> _TASK TO COMPLETE_: Begin the reply with the line containing "#134=CARTESIAN_POINT('',(15.,7.,2.99999999999998));" and end it with the final line of the listing, reproducing every line between exactly and adding nothing.

> _DATASET RECORDS_:
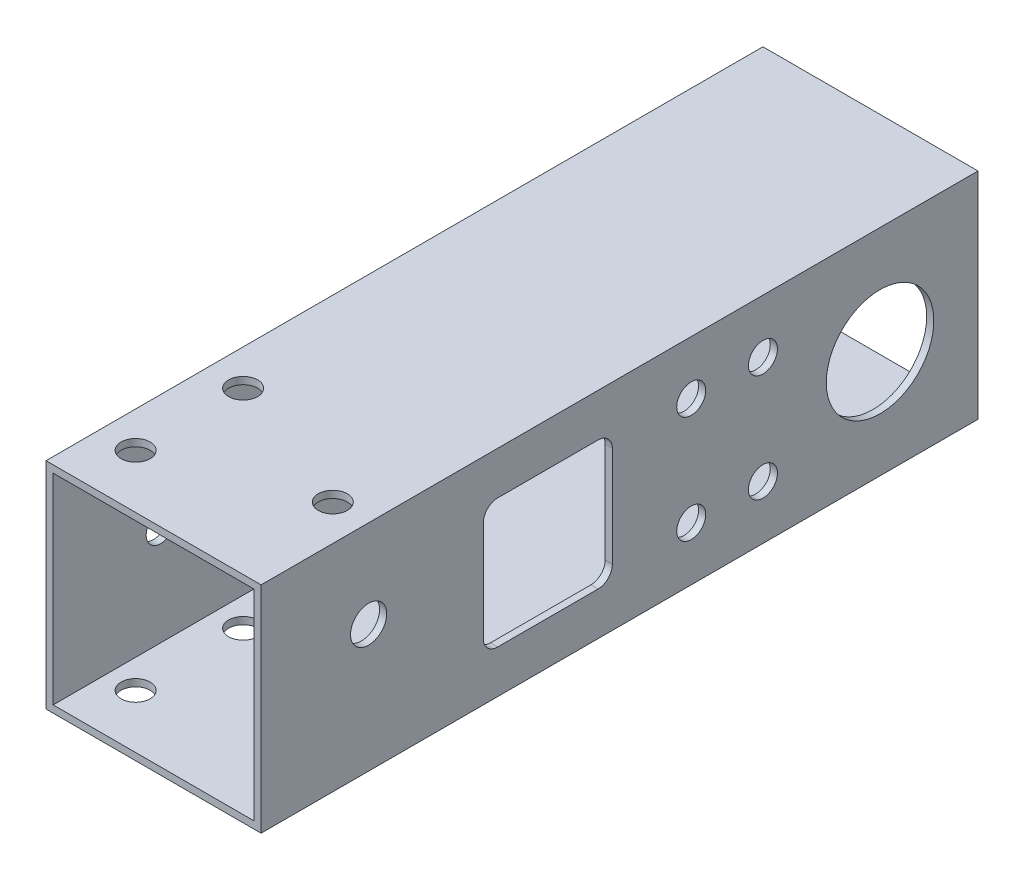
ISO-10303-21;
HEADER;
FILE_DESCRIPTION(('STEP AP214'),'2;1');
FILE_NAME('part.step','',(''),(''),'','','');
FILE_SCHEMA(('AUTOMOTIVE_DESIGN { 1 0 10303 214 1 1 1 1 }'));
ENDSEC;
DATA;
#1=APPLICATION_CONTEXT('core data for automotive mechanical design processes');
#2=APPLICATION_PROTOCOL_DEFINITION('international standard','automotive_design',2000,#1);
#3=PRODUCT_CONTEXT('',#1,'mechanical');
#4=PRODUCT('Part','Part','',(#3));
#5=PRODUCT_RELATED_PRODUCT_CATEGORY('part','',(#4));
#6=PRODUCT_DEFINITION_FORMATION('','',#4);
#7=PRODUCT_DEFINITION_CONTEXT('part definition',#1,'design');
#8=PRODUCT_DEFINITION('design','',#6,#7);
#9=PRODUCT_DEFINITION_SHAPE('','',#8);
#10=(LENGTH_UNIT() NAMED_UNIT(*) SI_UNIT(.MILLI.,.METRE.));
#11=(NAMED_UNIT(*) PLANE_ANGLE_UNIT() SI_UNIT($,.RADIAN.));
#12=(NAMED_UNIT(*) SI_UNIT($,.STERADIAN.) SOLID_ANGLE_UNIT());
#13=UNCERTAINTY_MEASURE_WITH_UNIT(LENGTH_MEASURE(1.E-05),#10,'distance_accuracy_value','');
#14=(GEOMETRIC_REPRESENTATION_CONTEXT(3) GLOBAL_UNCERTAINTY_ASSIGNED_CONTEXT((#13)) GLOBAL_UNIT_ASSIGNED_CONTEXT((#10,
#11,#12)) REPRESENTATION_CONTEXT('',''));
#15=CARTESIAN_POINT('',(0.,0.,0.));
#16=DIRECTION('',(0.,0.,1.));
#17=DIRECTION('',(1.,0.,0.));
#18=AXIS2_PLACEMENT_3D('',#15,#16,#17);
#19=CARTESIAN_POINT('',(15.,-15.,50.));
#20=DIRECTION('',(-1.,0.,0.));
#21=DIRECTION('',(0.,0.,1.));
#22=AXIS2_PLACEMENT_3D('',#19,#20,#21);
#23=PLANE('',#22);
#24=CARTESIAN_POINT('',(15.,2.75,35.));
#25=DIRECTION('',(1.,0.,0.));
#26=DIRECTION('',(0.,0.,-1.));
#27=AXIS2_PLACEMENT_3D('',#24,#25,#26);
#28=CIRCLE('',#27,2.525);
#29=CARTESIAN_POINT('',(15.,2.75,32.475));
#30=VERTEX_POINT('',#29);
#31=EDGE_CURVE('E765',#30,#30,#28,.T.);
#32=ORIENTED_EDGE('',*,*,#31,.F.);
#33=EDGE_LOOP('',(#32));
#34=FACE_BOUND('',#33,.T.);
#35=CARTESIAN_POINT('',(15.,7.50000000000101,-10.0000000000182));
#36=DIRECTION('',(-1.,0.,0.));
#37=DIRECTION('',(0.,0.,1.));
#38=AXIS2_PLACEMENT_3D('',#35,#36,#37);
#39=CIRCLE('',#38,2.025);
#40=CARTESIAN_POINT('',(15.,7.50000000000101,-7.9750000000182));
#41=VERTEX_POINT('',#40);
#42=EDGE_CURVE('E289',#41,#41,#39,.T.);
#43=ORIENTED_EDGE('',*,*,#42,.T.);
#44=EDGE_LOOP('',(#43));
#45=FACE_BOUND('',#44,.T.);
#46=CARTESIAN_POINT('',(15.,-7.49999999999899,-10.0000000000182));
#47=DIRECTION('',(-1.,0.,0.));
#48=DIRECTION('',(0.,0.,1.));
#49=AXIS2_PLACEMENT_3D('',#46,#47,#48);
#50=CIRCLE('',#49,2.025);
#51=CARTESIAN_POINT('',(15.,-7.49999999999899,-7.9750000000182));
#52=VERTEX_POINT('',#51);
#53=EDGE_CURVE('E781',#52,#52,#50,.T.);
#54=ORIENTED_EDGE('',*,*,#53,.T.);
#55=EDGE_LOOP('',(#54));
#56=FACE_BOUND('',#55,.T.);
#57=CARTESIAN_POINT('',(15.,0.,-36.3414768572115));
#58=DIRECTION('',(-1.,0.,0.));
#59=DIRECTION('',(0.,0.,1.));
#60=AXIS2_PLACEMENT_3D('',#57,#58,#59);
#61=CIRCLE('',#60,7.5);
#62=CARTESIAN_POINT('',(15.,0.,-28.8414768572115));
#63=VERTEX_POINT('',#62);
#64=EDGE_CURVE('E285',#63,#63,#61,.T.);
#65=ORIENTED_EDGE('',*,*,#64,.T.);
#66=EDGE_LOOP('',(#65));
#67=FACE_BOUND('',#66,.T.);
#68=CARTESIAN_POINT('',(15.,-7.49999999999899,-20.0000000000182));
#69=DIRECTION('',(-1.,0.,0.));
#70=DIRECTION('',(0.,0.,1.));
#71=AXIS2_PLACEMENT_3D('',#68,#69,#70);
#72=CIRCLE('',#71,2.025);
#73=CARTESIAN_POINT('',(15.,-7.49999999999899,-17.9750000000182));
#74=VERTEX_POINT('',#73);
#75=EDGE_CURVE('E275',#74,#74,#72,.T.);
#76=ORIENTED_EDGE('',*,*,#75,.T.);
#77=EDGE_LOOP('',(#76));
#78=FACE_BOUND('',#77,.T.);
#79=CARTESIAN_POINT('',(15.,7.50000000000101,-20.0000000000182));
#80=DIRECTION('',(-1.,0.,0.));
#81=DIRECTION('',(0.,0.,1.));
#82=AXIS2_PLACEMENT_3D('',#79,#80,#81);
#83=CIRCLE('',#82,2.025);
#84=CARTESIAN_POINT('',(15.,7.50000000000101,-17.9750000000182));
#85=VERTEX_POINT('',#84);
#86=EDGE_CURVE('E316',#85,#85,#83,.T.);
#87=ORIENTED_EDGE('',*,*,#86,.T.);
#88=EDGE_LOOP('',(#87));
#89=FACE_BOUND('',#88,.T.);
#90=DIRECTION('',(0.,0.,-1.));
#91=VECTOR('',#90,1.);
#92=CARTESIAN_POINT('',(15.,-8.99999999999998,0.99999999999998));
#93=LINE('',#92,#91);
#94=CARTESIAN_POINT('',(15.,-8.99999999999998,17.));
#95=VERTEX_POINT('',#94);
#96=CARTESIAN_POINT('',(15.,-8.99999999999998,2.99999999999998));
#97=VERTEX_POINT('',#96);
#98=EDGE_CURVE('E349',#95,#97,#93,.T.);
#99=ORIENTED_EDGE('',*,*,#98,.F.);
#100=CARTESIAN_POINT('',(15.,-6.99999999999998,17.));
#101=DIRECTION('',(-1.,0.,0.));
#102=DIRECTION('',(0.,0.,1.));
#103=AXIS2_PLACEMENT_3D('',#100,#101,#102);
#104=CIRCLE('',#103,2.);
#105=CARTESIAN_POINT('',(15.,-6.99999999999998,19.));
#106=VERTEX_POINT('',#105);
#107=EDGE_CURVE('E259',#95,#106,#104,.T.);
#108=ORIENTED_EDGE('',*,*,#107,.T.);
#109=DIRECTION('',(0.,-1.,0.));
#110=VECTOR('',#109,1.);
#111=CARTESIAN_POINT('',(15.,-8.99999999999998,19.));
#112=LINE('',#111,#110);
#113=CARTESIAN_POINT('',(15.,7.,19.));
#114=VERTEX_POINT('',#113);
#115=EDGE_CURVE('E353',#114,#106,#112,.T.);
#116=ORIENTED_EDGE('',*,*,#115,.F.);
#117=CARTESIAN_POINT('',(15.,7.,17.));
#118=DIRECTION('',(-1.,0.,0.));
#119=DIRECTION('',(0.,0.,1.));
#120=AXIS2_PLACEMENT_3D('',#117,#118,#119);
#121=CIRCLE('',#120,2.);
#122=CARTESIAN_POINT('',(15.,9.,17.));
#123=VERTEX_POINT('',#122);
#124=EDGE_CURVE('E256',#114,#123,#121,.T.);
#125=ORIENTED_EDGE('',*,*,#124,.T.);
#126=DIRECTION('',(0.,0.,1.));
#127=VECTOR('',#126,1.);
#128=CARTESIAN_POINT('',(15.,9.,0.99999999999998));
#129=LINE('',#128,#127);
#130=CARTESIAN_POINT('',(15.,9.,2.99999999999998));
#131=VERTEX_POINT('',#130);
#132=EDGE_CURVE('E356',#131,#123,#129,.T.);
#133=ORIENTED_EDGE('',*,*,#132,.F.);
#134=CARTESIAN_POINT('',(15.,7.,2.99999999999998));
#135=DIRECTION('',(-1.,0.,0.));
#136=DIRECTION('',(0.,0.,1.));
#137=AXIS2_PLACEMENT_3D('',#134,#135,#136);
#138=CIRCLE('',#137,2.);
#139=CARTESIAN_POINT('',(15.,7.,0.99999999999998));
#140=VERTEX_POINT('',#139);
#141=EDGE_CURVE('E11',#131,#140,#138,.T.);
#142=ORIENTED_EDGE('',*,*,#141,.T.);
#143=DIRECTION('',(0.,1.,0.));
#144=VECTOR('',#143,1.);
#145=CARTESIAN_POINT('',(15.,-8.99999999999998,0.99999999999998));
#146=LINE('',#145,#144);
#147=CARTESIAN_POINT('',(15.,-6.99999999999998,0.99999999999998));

> _EXERCISE RESPONSE_:
#134=CARTESIAN_POINT('',(15.,7.,2.99999999999998));
#135=DIRECTION('',(-1.,0.,0.));
#136=DIRECTION('',(0.,0.,1.));
#137=AXIS2_PLACEMENT_3D('',#134,#135,#136);
#138=CIRCLE('',#137,2.);
#139=CARTESIAN_POINT('',(15.,7.,0.99999999999998));
#140=VERTEX_POINT('',#139);
#141=EDGE_CURVE('E11',#131,#140,#138,.T.);
#142=ORIENTED_EDGE('',*,*,#141,.T.);
#143=DIRECTION('',(0.,1.,0.));
#144=VECTOR('',#143,1.);
#145=CARTESIAN_POINT('',(15.,-8.99999999999998,0.99999999999998));
#146=LINE('',#145,#144);
#147=CARTESIAN_POINT('',(15.,-6.99999999999998,0.99999999999998));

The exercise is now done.